# Time signatures and staff spacing in Sibelius



## dp_audio (Jul 28, 2010)

I converted to Sibelius 6 a few months ago, and so far I am loving it. Previously, I had used Finale, and I had learned all the tricks for turning a score into something appropriate for a scoring session. I'm trying to learn those tricks again in Sibelius, but I'm having trouble with a few things.

Time signatures - I know I can change the style to large or huge and edit the font and somewhat the position, but I can't get it to display only on certain staves or at least certain vertical positions on the page. Does anyone know how to do this? (Also, what font is best for big narrow time signatures?)

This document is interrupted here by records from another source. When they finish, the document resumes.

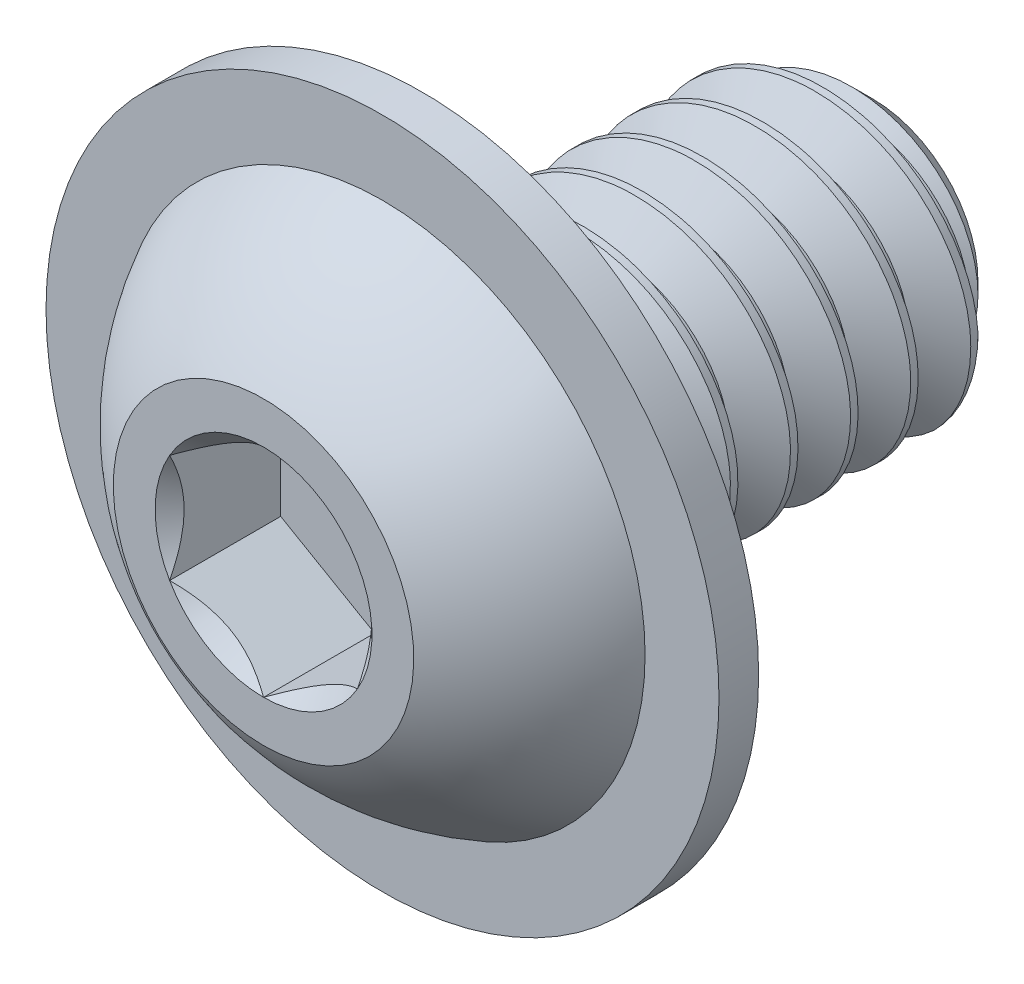
SolidWorks part; units mm, degrees
material "Cast Alloy Steel"
ref_plane "Front" through (0, 0, 0) normal (0, 0, 1) x (1, 0, 0)
ref_plane "Top" through (0, 0, 0) normal (0, 1, 0) x (1, 0, 0)
ref_plane "Right" through (0, 0, 0) normal (1, 0, 0) x (0, 0, -1)
sketch "Sketch1" plane through (0, 0, 0) normal (1, 0, 0) x (0, 0, -1)
  line L2 (3.3528, 3.175) -> (12.8778, 3.175)
  line L3 (12.8778, 3.175) -> (12.8778, 0)
  line L4 (12.8778, 0) -> (3.3528, 0)
  line L6 (2.5146, 5.5499) -> (3.3528, 5.5499) construction
  line L7 (12.8778, 3.175) -> (12.8778, -3.175) construction
  line L8 (0, 0) -> (3.3528, 0) construction
  line L9 (3.3528, 5.5499) -> (3.3528, -5.5499) construction
  line L11 (3.3528, 3.175) -> (3.3528, 0)
  line L13 (0, 1.9844) -> (0, -1.9844) construction
  line L14 (0, 1.9844) -> (0, 3.175) construction
  line L15 (2.5146, 5.5499) -> (2.5146, 7.112) construction
  line L16 (2.5146, 7.112) -> (3.3528, 7.112) construction
  line L17 (3.3528, 7.112) -> (3.3528, 5.5499) construction
  line L18 (3.3528, 7.112) -> (3.3528, -7.112) construction
  arc A3 (0, 3.175) -> (2.5146, 5.5499) centre (5.3774, 0) cw construction
  dimension "D1" = 0.8382
  dimension "Head Ht" = 3.3528
  dimension "Head Dia" = 11.0998
  dimension "Dia" = 6.35
  dimension "Lg" = 9.525
  dimension "Hex" = 3.9688
  dimension "Flange Dia" = 14.224
revolve "Revolve1" add sketch "Sketch1" angle 360 mid plane about L4
sketch "Sketch3" plane through (0, 0, -12.8778) normal (0, 0, -1) x (-1, 0, 0)
  circle A0 centre (0, 0) radius 3.175
curve "Helix/Spiral1" pitch 1.27 height 10.795 radius 3.175 centre (0, 0, -12.8778) axis (0, 0, 1) start towards (0, 1, 0)
sketch "Sketch2" plane through (0, 0, 0) normal (1, 0, 0) x (0, 0, -1)
  line L0 (12.8778, 3.175) -> (13.989, 3.175)
  line L1 (13.989, 3.175) -> (13.5128, 2.3501)
  line L2 (13.5128, 2.3501) -> (13.354, 2.3501)
  line L3 (13.354, 2.3501) -> (12.8778, 3.175)
  line L4 (13.1159, 2.7626) -> (13.7509, 2.7626) construction
  dimension "D1" = 60
  dimension "D2" = 0.1588
  dimension "D3" = 0.635
chamfer "Chamfer1" distance 0.9525 angle 45 1 edges at (0, 3.175, -12.8778)
sweep "Cut-Sweep1" cut profiles "Sketch2" path "Helix/Spiral1"
sketch "Sketch7" plane through (0, 0, 0) normal (1, 0, 0) x (0, 0, -1)
  line L6 (2.5146, 5.5499) -> (3.3528, 5.5499) construction
  line L8 (0, 0) -> (3.3528, 0) construction
  line L11 (3.3528, 5.5499) -> (3.3528, -5.5499) construction
  line L12 (2.5146, 5.5499) -> (3.3528, 5.5499)
  line L13 (0, 0) -> (3.3528, 0)
  line L14 (0, 1.9844) -> (0, -1.9844) construction
  line L15 (3.3528, 5.5499) -> (3.3528, 0)
  line L16 (0, 3.175) -> (0, 0)
  arc A2 (2.5146, 5.5499) -> (0, 3.175) centre (5.3774, 0) ccw construction
  arc A3 (2.5146, 5.5499) -> (0, 3.175) centre (5.3774, 0) ccw
revolve "Revolve2" add sketch "Sketch7" angle 360 mid plane about L13
sketch "Sketch11" plane through (0, 0, -3.3528) normal (0, 0, -1) x (-1, 0, 0)
  circle A0 centre (0, 0) radius 7.112
extrude "Boss-Extrude3" add sketch "Sketch11" against normal up to vertex (0.8382 mm away) up to point (0, 5.5499, -2.5146)
sketch "Sketch5" plane through (0, 0, 0) normal (0, 0, 1) x (1, 0, 0)
  line L1 (1.9844, -1.1457) -> (1.9844, 1.1457)
  line L2 (1.9844, 1.1457) -> (0, 2.2914)
  line L3 (0, 2.2914) -> (-1.9844, 1.1457)
  line L4 (-1.9844, 1.1457) -> (-1.9844, -1.1457)
  line L5 (-1.9844, -1.1457) -> (0, -2.2914)
  line L6 (0, -2.2914) -> (1.9844, -1.1457)
  circle A0 centre (0, 0) radius 1.9844 construction
extrude "Cut-Extrude2" cut sketch "Sketch5" against normal blind 2.347
sketch "Sketch6" plane through (0, 0, 0) normal (0, 0, 1) x (1, 0, 0)
  circle A0 centre (0, 0) radius 2.2914
extrude "Cut-Extrude3" cut sketch "Sketch6" against normal blind 2.347 draft 45
sketch "Sketch9" [suppressed] plane through (0, 0, -5.0546) normal (0, 0, 1) x (1, 0, 0)
  circle A2 centre (0, 0) radius 4.7625
extrude "Boss-Extrude2" [suppressed] add sketch "Sketch9" against normal offset from surface (6.35 mm away) 31.75 up to face at (0, 2.2225, -12.8778)
sketch "Sketch10" plane through (0, 0, 0) normal (1, 0, 0) x (0, 0, -1)
  line L0 (12.8778, 3.175) -> (12.8778, -3.175) construction
  point P0 (10.9728, -3.175)
  dimension "D1" = 1.905
equation "\"D3@Helix/Spiral1\" = \"Lg@Sketch1\" + \"D4@Helix/Spiral1\""
equation "\"D2@Sketch2\" = \"D4@Helix/Spiral1\" * .125"
equation "\"D3@Sketch2\" = \"D4@Helix/Spiral1\" * .5"
equation "\"D1@Chamfer1\" = \"D4@Helix/Spiral1\" * .75"
equation "\"D1@Cut-Extrude2\" = \"Head Ht@Sketch1\" * .7"
equation "\"D1@Sketch1\" = \"Head Ht@Sketch1\" * .25"
equation "\"D1@Sketch10\" = \"D4@Helix/Spiral1\" * 1.5"
equation "\"D1@Cut-Extrude3\" = \"D1@Cut-Extrude2\""
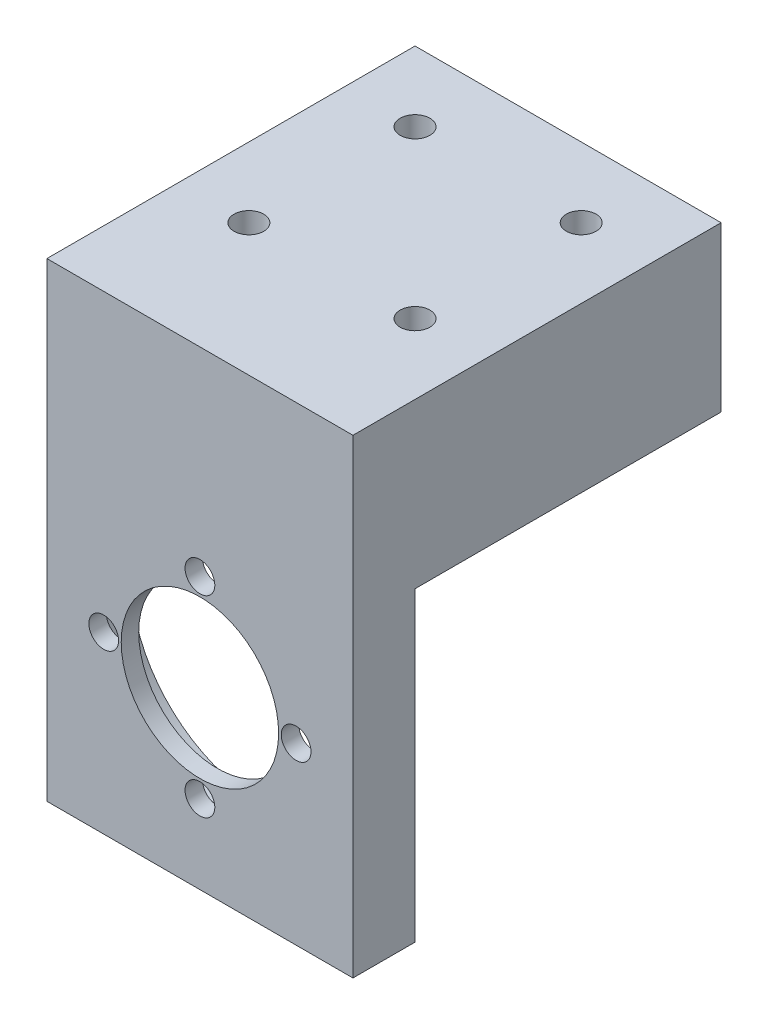
SolidWorks part; units mm, degrees
material "PET"
ref_plane "Front Plane" through (0, 0, 0) normal (0, 0, 1) x (1, 0, 0)
ref_plane "Top Plane" through (0, 0, 0) normal (0, 1, 0) x (1, 0, 0)
ref_plane "Right Plane" through (0, 0, 0) normal (1, 0, 0) x (0, 0, -1)
sketch "Sketch1" plane through (0, 0, 0) normal (1, 0, 0) x (0, 0, -1)
  line L0 (0, 0) -> (7.1, 0)
  line L1 (7.1, 0) -> (7.1, 35)
  line L2 (7.1, 35) -> (42.1, 35)
  line L3 (42.1, 35) -> (42.1, 53.75)
  line L4 (42.1, 53.75) -> (0, 53.75)
  line L5 (0, 53.75) -> (0, 0)
  dimension "D1" = 35
  dimension "D2" = 18.75
  dimension "D3" = 7.1
  dimension "D4" = 35
extrude "Boss-Extrude1" add sketch "Sketch1" along normal blind 35
sketch "Sketch2" plane through (0, 0, 0) normal (0, 0, 1) x (1, 0, 0)
  line L0 (35, 0) -> (0, 0) construction
  line L9 (17.5, 0) -> (17.5, 39.0737) construction
  line L10 (0, 0) -> (0, 35) construction
  circle A0 centre (17.5, 20) radius 15
  circle A1 centre (17.5, 20) radius 11 construction
  circle A2 centre (17.5, 31) radius 1.7
  circle A3 centre (28.5, 20) radius 1.7
  circle A4 centre (17.5, 9) radius 1.7
  circle A5 centre (6.5, 20) radius 1.7
  circle A6 centre (17.5, 20) radius 9
  dimension "D1" = 30
  dimension "D2" = 22
  dimension "D3" = 3.4
  dimension "D5" = 18
  dimension "D6" = 20
  dimension "D7" = 17.5
  dimension "D4" = 4
extrude "Motor mount bolt holes" cut sketch "Sketch2" along direction (0, 0, -1) on the side of the normal up to surface and the other way up to surface (42.1 mm away) from surface contours A5 | A4 | A3 | A2 | A6 up to face at (17.5, 26.875, 0) other way up to face at (17.5, 44.375, -42.1) starting at face at (17.5, 17.5, -7.1)
extrude "Motor Countersink" cut sketch "Sketch2<5>" along normal blind 5.1 and the other way up to surface (42.1 mm away) from surface contours A6 A2 A0 A4 A5 | A6 A4 A0 A2 A3 region at (2.9243, 20, 0) other way up to face at (17.5, 44.375, -42.1) starting at face at (8.2, 20, -7.1)
sketch "Sketch2<5>" plane through (0, 0, 0) normal (0, 0, 1) x (1, 0, 0) same geometry as "Sketch2"
sketch "Sketch3" plane through (0, 35, 0) normal (0, -1, 0) x (1, 0, 0)
  line L0 (17.5, 0) -> (17.5, -42.1) construction
  line L1 (35, 0) -> (0, 0) construction
  line L2 (35, -42.1) -> (0, -42.1) construction
  line L3 (0, -7.1) -> (0, -42.1) construction
  line L4 (17.5, -7.1) -> (0, -7.1) construction
  line L5 (0, -24.6) -> (35, -24.6) construction
  line L6 (35, -7.1) -> (35, -42.1) construction
  circle A0 centre (8, -15.1) radius 1.7
  circle A1 centre (27, -15.1) radius 1.7
  circle A2 centre (27, -34.1) radius 1.7
  circle A3 centre (8, -34.1) radius 1.7
  dimension "D1" = 3.4
  dimension "D2" = 8
  dimension "D3" = 8
extrude "Cut-Extrude3" cut sketch "Sketch3" against normal through all
equation "\"h\"= 35"
equation "\"w\"= 35"
equation "\"t1\"=7.1"
equation "\"D1@Sketch1\"=\"h\""
equation "\"D2@Sketch1\"=\"t2\""
equation "\"D3@Sketch1\"=\"t1\""
equation "\"D1@Boss-Extrude1\"=\"w\""
equation "\"D4@Sketch1\"=\"w\""
equation "\"t2\"= 18.75"
equation "\"bolt hole dia\"= 3.4"
equation "\"D1@Sketch3\"=\"bolt hole dia\""

Staff spacing - This is more of a general layout question. When I try to drag the bottom staff down on a page, it will only go so far before it snaps to the bottom of the page. I want to be able to drag the bottom staff freely when spacing my staves. How can I set it not to snap like that?


----------



## sbkp (Jul 28, 2010)

I don't know about the time signature locations (and would like that answer, too).

But for the second one, if I understand your question correctly, then do this:

House Style > Engraving Rules > Staves

Find "Justify staves when page is at least ___ % full"

Change the number to 100. Then you can drag with no snapping.


----------



## dp_audio (Jul 28, 2010)

sbkp @ Wed Jul 28 said:


> House Style > Engraving Rules > Staves
> 
> Find "Justify staves when page is at least ___ % full"
> 
> Change the number to 100. Then you can drag with no snapping.



Perfect! That's what I needed. Thanks!

Now let's hope someone has an answer for the time signatures issue.


----------



## Maximvs (Jun 25, 2011)

DannyPoit @ Wed Jul 28 said:


> I converted to Sibelius 6 a few months ago, and so far I am loving it. Previously, I had used Finale, and I had learned all the tricks for turning a score into something appropriate for a scoring session. I'm trying to learn those tricks again in Sibelius, but I'm having trouble with a few things.
> 
> Time signatures - I know I can change the style to large or huge and edit the font and somewhat the position, but I can't get it to display only on certain staves or at least certain vertical positions on the page. Does anyone know how to do this? (Also, what font is best for big narrow time signatures?)
> 
> Staff spacing - This is more of a general layout question. When I try to drag the bottom staff down on a page, it will only go so far before it snaps to the bottom of the page. I want to be able to drag the bottom staff freely when spacing my staves. How can I set it not to snap like that?



Hello Danny,

In order to place the time signature(s) on specific staves on the full score do as follow:

1) Go up to the Sibelius main toolbar at the top of the screen and select *House Style>System Object Positions * 

2) From the System Object Position window simply select the instrument(s) you want the time signature(s) to appear on and press OK.

Hope this helps.

Best regards,

Max


----------